##### Data #####
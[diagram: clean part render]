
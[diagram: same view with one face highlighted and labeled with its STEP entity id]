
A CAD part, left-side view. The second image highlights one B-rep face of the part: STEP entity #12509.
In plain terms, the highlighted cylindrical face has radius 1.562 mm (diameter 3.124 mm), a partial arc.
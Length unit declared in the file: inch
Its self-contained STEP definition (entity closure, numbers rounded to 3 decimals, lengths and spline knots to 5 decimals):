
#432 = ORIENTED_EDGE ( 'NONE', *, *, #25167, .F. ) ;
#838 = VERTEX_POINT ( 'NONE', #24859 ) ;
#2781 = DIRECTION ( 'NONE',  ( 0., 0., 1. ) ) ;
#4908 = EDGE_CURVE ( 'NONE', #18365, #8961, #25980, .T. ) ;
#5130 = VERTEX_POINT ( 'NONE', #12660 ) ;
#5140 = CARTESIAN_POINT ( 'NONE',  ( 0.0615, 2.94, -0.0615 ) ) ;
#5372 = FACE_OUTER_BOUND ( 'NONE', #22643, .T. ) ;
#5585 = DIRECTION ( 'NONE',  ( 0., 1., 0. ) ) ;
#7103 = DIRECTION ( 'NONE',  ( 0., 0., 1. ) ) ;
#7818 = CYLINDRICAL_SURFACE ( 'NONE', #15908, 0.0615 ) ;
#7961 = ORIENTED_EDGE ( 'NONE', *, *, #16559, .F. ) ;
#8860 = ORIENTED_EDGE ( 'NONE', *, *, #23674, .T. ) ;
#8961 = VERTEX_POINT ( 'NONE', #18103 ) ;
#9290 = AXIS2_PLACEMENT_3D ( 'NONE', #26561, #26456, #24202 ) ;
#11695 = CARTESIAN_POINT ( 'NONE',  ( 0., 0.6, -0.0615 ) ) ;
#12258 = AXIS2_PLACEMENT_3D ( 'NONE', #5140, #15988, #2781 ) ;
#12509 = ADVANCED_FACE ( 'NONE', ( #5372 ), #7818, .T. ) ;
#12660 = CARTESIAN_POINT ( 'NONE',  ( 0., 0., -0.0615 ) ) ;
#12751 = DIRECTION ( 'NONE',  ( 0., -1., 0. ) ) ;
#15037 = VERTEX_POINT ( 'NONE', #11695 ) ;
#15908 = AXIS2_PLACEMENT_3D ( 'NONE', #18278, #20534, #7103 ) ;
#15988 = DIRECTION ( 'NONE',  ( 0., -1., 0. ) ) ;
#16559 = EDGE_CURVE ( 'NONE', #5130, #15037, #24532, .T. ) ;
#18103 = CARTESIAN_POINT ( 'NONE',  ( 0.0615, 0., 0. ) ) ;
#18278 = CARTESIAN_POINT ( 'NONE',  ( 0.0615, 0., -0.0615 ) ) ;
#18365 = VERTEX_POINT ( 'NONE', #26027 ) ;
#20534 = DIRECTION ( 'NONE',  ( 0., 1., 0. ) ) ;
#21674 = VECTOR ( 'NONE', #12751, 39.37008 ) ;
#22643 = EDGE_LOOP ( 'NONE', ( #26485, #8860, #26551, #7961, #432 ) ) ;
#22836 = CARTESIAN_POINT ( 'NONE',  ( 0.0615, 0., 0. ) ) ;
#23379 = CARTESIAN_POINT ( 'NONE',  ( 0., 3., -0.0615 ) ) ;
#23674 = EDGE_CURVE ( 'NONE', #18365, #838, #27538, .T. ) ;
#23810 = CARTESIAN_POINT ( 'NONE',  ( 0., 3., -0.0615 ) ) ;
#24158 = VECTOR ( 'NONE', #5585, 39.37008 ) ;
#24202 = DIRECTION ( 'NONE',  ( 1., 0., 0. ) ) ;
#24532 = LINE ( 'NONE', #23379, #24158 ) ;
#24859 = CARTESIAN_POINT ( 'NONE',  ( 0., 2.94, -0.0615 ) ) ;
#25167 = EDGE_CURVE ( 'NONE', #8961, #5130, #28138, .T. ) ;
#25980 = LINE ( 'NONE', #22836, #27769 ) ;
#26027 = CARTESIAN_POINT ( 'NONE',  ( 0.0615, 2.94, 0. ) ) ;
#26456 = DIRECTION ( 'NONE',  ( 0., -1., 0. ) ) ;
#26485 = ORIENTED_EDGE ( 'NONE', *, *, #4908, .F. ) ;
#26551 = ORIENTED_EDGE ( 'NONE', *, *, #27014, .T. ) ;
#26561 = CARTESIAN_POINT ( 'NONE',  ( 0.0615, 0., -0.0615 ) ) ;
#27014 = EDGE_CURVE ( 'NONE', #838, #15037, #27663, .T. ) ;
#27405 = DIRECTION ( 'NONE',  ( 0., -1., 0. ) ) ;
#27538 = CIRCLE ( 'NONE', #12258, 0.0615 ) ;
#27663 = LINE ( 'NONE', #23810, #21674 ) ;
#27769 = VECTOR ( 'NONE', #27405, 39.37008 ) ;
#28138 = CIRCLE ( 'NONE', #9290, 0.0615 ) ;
#####
▸ What is expected: Using the entries above, quote each line verbatim from the first through the line that contains "A CAD part, left-side".

▸ Expected answer:
[diagram: clean part render]
[diagram: same view with one face highlighted and labeled with its STEP entity id]
A CAD part, left-side view. The second image highlights one B-rep face of the part: STEP entity #12509.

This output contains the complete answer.